Gaming visionaries

Sacramento startup builds digital games for the visually impaired

PHOTO BY RICHARD RAMOS

Seeing a void in mobile gaming accessibility, a Sacramento company has unveiled an app paving the way for a seamless experience between sighted and visually impaired individuals. Plenty of mobile apps are designed to make life easier for the blind in terms of navigation, reading books and other basic life functions. When it comes to mobile gaming, however, that’s an area that hasn’t fully utilized digital technology. Independent gaming studio AppA11y was founded in 2016 by three lifelong friends—Nick Barbato, Lee Hobbs and Mitch Dobbins. In 2017, the team took a step toward filling the void in accessible mobile gaming with the introduction of Huboodle—a free gaming app that uses Apple’s VoiceOver screen-reader to allow chat functionality. There are currently eight games available in seven languages that allow users, both sighted and visually impaired, to compete on a level playing field. Their goal is to link people all over the world, regardless of disabilities, through fun and exciting mobile gaming experiences. Two of the three founders were available for a Q&A to show SN&R readers a glimpse into their world.

Can you elaborate on how the visually impaired are able to operate these games?

Barbato: iOS is the leader in accessibility. If you go to your settings on your iPhone and turn on VoiceOver accessibility, once that’s activated, through coding, you can tie it into a bunch of different things. We’ve kind of dug deep on what’s possible with VoiceOver. So, with the crossword game, we have blind people that can play that really fast.

Hobbs: Basically, whatever is touched, the phone says.

Barbato: It’ll speak to them; it’ll read them hints; it’ll kind of guide them along as they go. It does a lot of stuff in the background that a sighted person will never see.

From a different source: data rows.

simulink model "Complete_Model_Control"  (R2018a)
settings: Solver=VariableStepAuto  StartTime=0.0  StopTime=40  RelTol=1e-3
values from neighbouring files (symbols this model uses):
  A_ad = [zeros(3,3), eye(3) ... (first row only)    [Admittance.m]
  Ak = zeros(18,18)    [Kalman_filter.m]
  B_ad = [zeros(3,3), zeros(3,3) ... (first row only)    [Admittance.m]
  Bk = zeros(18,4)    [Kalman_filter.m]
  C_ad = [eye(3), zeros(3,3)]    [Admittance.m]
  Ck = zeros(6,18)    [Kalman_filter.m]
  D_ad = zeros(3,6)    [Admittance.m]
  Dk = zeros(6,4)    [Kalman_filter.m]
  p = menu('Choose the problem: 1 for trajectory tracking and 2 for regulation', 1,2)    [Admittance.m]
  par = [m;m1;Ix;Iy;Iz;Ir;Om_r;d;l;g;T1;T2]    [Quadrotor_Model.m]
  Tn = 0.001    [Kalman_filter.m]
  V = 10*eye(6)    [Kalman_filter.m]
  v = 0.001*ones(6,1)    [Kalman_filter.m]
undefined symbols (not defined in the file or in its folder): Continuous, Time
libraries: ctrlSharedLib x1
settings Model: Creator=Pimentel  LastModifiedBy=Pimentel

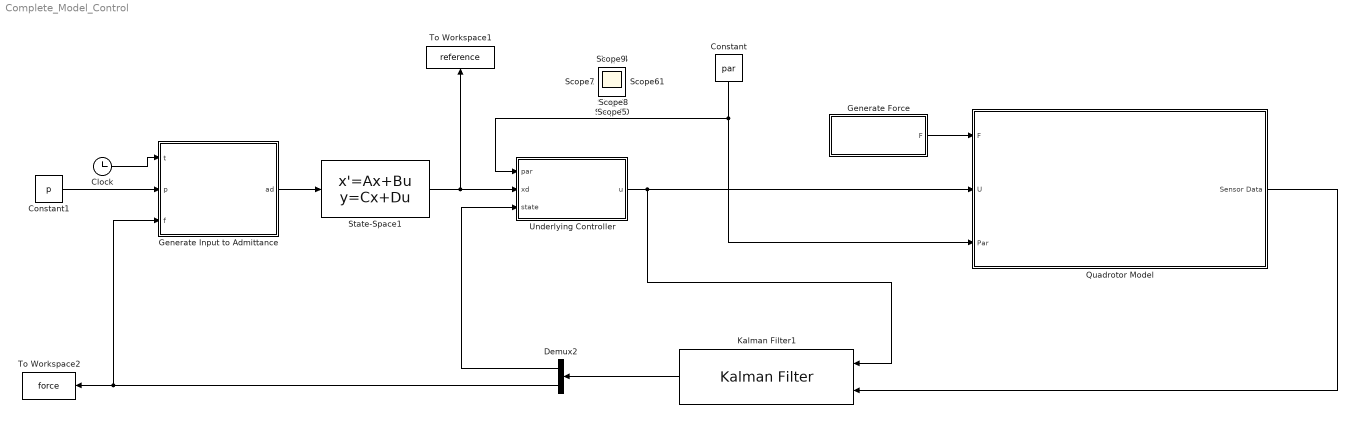
== system Complete_Model_Control ==
  Clock : Clock
  Constant : Constant  Value=par
  Constant1 : Constant  Value=p
  Demux2 : Demux  Outputs=[15, 3]
  Generate Force : Subsystem
  "Generate Input to Admittance " : MATLAB Function  TreatAsAtomicUnit=on
  Kalman Filter1 : ctrlSharedLib/Kalman Filter  TimeDomain=Continuous-Time  UseCurrentEstimator=on  ModelSource=Individual A, B, C, D matrices  ModelSourceVariable=ss(0.95,1,1,0,1)  A=Ak  B=Bk  C=Ck  D=Dk  NumberOfStates=1  NumberOfInputs=1  NumberOfOutputs=1  InitialEstimateSource=Dialog  X0=0  P0=10  UseK=off  UseGH=off  NumberOfProcessNoiseInputs=1  G=1  TimeInvariantG=on  H=0  TimeInvariantH=on  Q=W  TimeInvariantQ=on  R=V  TimeInvariantR=on  N=0  TimeInvariantN=on  AddInputPort=on  AddEnablePort=off  OutputEstimatedY=off  OutputP=off  Ts=-1
      settings: SourceProductBaseCode=CT
  Quadrotor Model : Subsystem
  State-Space1 : StateSpace  A=A_ad  B=B_ad  C=C_ad  D=D_ad  InitialCondition=[0 0 0 0 0 0]
  To Workspace1 : ToWorkspace  VariableName=reference  SaveFormat=Structure With Time  SampleTime=-1
  To Workspace2 : ToWorkspace  VariableName=force  SaveFormat=Structure With Time  SampleTime=-1
  Underlying Controller : MATLAB Function  TreatAsAtomicUnit=on
  Scope{,1..11} (12 alike) : Scope
  wires:
  Underlying Controller/1(u) -> Kalman Filter1/1, Quadrotor Model/2("U ")
  Clock/1 -> "Generate Input to Admittance "/1(t)
  Constant/1 -> Quadrotor Model/3("Par "), Underlying Controller/1(par)
  State-Space1/1 -> Underlying Controller/2(xd), To Workspace1/1
  Demux2/1 -> Underlying Controller/3(state)
  Demux2/2 -> To Workspace2/1, "Generate Input to Admittance "/3(f)
  Kalman Filter1/1 -> Demux2/1
  "Generate Input to Admittance "/1(ad) -> State-Space1/1
  Generate Force/1(F) -> Quadrotor Model/1(F)
  Quadrotor Model/1(Sensor Data) -> Kalman Filter1/2
  Constant1/1 -> "Generate Input to Admittance "/2(p)

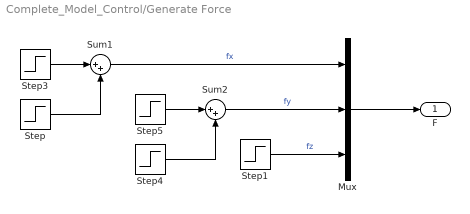
== system Complete_Model_Control/Generate Force ==
  Mux : Mux  Inputs=3
  Step : Step  Time=6  After=-3  SampleTime=0
  Step1 : Step  After=0  SampleTime=0
  Step3 : Step  After=3  SampleTime=0
  Step4 : Step  Time=6  After=-1  SampleTime=0
  Step5 : Step  SampleTime=0
  Sum1 : Sum  Inputs=|++
  Sum2 : Sum  Inputs=|++
  F : Outport
  wires:
  Mux/1 -> F/1
  Sum1/1 -> Mux/1  "fx"
  Step/1 -> Sum1/2
  Step1/1 -> Mux/3  "fz"
  Step3/1 -> Sum1/1
  Step4/1 -> Sum2/2
  Step5/1 -> Sum2/1
  Sum2/1 -> Mux/2  "fy"

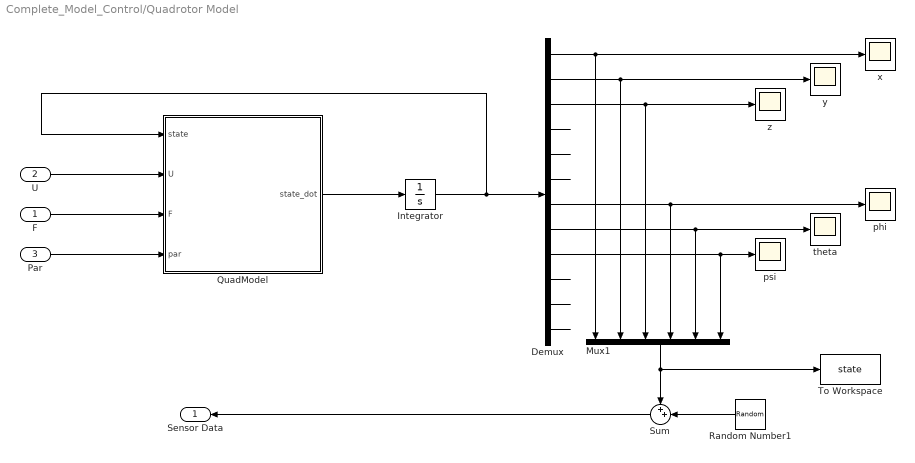
== system Complete_Model_Control/Quadrotor Model ==
  F : Inport
  "U " : Inport  Port=2
  "Par " : Inport  Port=3
  Demux : Demux  Outputs=12
  Integrator : Integrator  InitialCondition=[0 0 0 0 0 0 0 0 0 0 0 0]
  Mux1 : Mux  Inputs=6
  QuadModel : MATLAB Function  TreatAsAtomicUnit=on
  Random Number1 : RandomNumber  Mean=[0 0 0 0 0 0]  Variance=v  SampleTime=Tn
  Sum : Sum  Inputs=++|
  To Workspace : ToWorkspace  VariableName=state  SaveFormat=Structure With Time  SampleTime=-1
  phi : Scope
  psi : Scope
  theta : Scope
  "x " : Scope
  y : Scope
  z : Scope
  Sensor Data : Outport
  wires:
  Demux/11 -> ?
  Demux/4 -> ?
  Demux/10 -> ?
  "U "/1 -> QuadModel/2(U)
  Demux/12 -> ?
  Demux/7 -> Mux1/4, phi/1
  Mux1/1 -> To Workspace/1, Sum/1
  Integrator/1 -> QuadModel/1(state), Demux/1
  Demux/5 -> ?
  F/1 -> QuadModel/3(F)
  "Par "/1 -> QuadModel/4(par)
  Demux/1 -> Mux1/1, "x "/1
  Demux/9 -> Mux1/6, psi/1
  Demux/8 -> Mux1/5, theta/1
  Demux/3 -> Mux1/3, z/1
  Demux/6 -> ?
  Sum/1 -> Sensor Data/1
  QuadModel/1(state_dot) -> Integrator/1
  Random Number1/1 -> Sum/2
  Demux/2 -> Mux1/2, y/1

== matlab function Complete_Model_Control/Generate Input to Admittance  ==
  data: t input; p input; f input; ad output
function ad = generate(t,p,f)

if p == 1
    x_d = cos(t);
    y_d = sin(t);
    z_d = 0;
else
    x_d = 0;
    y_d = 0;
    z_d = 0;
end 

if f(1)>0.3
    fx = f(1);
else 
    fx = 0;
end

if f(2)>0.3
    fy = f(2);
else 
    fy = 0;
end

if f(3)>0.3
    fz = f(3);
else 
    fz = 0;    
end

ad = [x_d, y_d, z_d, fx, fy, fz]';

== matlab function Complete_Model_Control/Underlying Controller ==
  data: par input; xd input; state input; u output
function u = Pos_Att_Control(par, xd, state)

% Model Parameters 

m = par(1);
m1 = par(2);
Ix = par(3);
Iy = par(4);
Iz = par(5);
Ir = par(6);
Om_r = par(7);
d = par(8);
l = par(9);
g = par(10);

% State

x = state(1);
y = state(2);
z = state(3);
vx = state(4);
vy = state(5);
vz = state(6);
phi = state(7);
theta = state(8);
psi = state(9);
phi_dot = state(10);
theta_dot = state(11);
psi_dot = state(12);
tau_phi = state(13);
tau_theta = state(14);
tau_psi = state(15);

% Controller Gains 

kx_p = 20;
kx_d = 10;

ky_p = 20;
ky_d = 10;

kz_p = 2;
kz_d = 1;

k_phi = 20;
k_theta = 20;
k_psi = 1;

% Regulation task

x_d = xd(1);
y_d = xd(2);
z_d = xd(3);

vx_d = 0;
vy_d = 0;
vz_d = 0;

% Altitude Control

T_Tilde = m*(g-kz_p*(z_d - z) - kz_d*(vz_d - vz));
T = T_Tilde/m - g;

% Attitude Control

theta_d = -1/g*(kx_p*(x_d - x) + kx_d*(vx_d - vx));
phi_d = 1/g*(ky_p*(y_d - y) + ky_d*(vy_d - vy));
psi_d = 0;

phi_dot_cmd = k_phi*(phi_d - phi);
theta_dot_cmd = k_theta*(theta_d - theta);
psi_dot_cmd = k_psi*(psi_d - psi);

u = [T, phi_dot_cmd, theta_dot_cmd, psi_dot_cmd]';

== matlab function Complete_Model_Control/Quadrotor Model/QuadModel ==
  data: state input; U input; F input; state_dot output; par input
function state_dot = quadrotor_model(state,U,F,par)

% Model parameters

m=par(1);
m1=par(2);
Ix=par(3);
Iy=par(4);
Iz=par(5);
Ir=par(6);
Om_r=par(7);
d=par(8);
l=par(9);
g=par(10);
T1 = par(11);
T2 = par(12);

% Position
x=state(1);
y=state(2);
z=state(3);

vx=state(4);
vy=state(5);
vz=state(6);

% Attitude
phi=state(7);
theta=state(8);
psi=state(9);

dphi=state(10);
dtheta=state(11);
dpsi=state(12);

% Control Inputs

phi_dot_command = U(2);
theta_dot_command = U(3);
psi_dot_command = U(4);

tau_phi = Ix/T2*(phi_dot_command - dphi);
tau_theta = Iy/T2*(theta_dot_command - dtheta);
tau_psi = Iz/T2*(psi_dot_command - dpsi);
T = (U(1) + g)*m;

f_x = F(1);
f_y = F(2);
f_z = F(3);

% Dynamics

xdot=vx;
vxdot = -(T/m)*(cos(phi)*sin(theta)*cos(psi)+sin(phi)*sin(psi)) + f_x/m;

ydot=vy;
vydot = -(T/m)*(cos(phi)*sin(theta)*sin(psi)-sin(phi)*cos(psi)) + f_y/m;

zdot=vz;
vzdot = -(- g + (T/m)*(cos(phi)*cos(theta))) + f_z/m;

phidot=dphi;
dphidot =  ((Iy-Iz)/Ix)*dtheta*dpsi + (Ir/Ix)*dtheta*Om_r +(l/Ix)*tau_phi;

thetadot=dtheta;
dthetadot = ((Iz-Ix)/Iy)*dphi*dpsi - (Ir/Iy)*dphi*Om_r +(l/Iy)*tau_theta;

psidot=dpsi;
dpsidot =  ((Ix-Iy)/Iz)*dphi*dtheta + (1/Iz)*tau_psi;

state_dot = [xdot, ydot, zdot, vxdot, vydot, vzdot, phidot, thetadot, psidot, dphidot, dthetadot, dpsidot]';

Hobbs: We’ve taken that a little bit further and given them hand gestures so they can do different shortcuts on the screen. They can do three-finger swipes up or down and it will spell a word for them, it will tell them the remaining words, and give them the timer.

You posed a question on AppleVis.com (an online community for blind and low-vision users of Apple products) last year trying to gather game ideas. Is that where you get most of your ideas?

Hobbs: Partially. We found that what we like isn’t necessarily what our users like, so we just try to get things out in front of them as much as possible and get their feedback on what we’re going to do next. That’s probably our best place of getting it. They’re a pretty active visually impaired user group.

Are there any new games/features in development that we can expect from Huboodle in the future?

Barbato: Probably in the next release there will be two more games. We’re going to do everything within Huboodle. We’re shooting for one game a month.

One of the various games within Huboodle has made it’s way over to Android. Can we expect a full Android transition any time soon?

Barbato: When we get the resources we can expand over to Android as well. We released one of the games over at Android. We’re in the process of merging them and getting them into one big app over at Android, and that’s got to be at least six months out. And maybe bring it to AppleTV, because AppleTV will carry the accessibility settings over.

What are the goals for Huboodle in 2018?

Barbato: By the end of the year, we’d like 15-plus games. We want to make it like the Facebook for the visually impaired—something that they have to go to once a day. We want to be integrated in their communication and just provide them with what I think is missing in their community right now.

Hobbs: When the visually impaired think of gaming, we want to be on the top of their list.

Providing this service and bringing these opportunities to people who are visually impaired, what does it all mean to you?

Hobbs: It’s rewarding. We get a lot of positive feedback, so it makes you feel like you’re heading in the right direction. Our hope is that anybody who’s not disabled or visually impaired, they have no idea what our app can do, it kind of levels the playing field.

Barbato: It’s awesome, honestly. We’ve been in software for 25 years, and usually anybody who has anything to say, it’s always negative, right? “Why can’t it do this?” and “Why can’t it do that?” We get emails daily now and it’s never anything negative. We’ve had people who have met and got married through the game, through the chat. The blind community out there and how this accessibility stuff is really changing their lives—just to be part of it and watch it grow and have them reach out to you daily and just like what you do—it makes what we do seem like it’s worthwhile. It might just seem like games, but it’s really something these people are doing daily. It’s cool.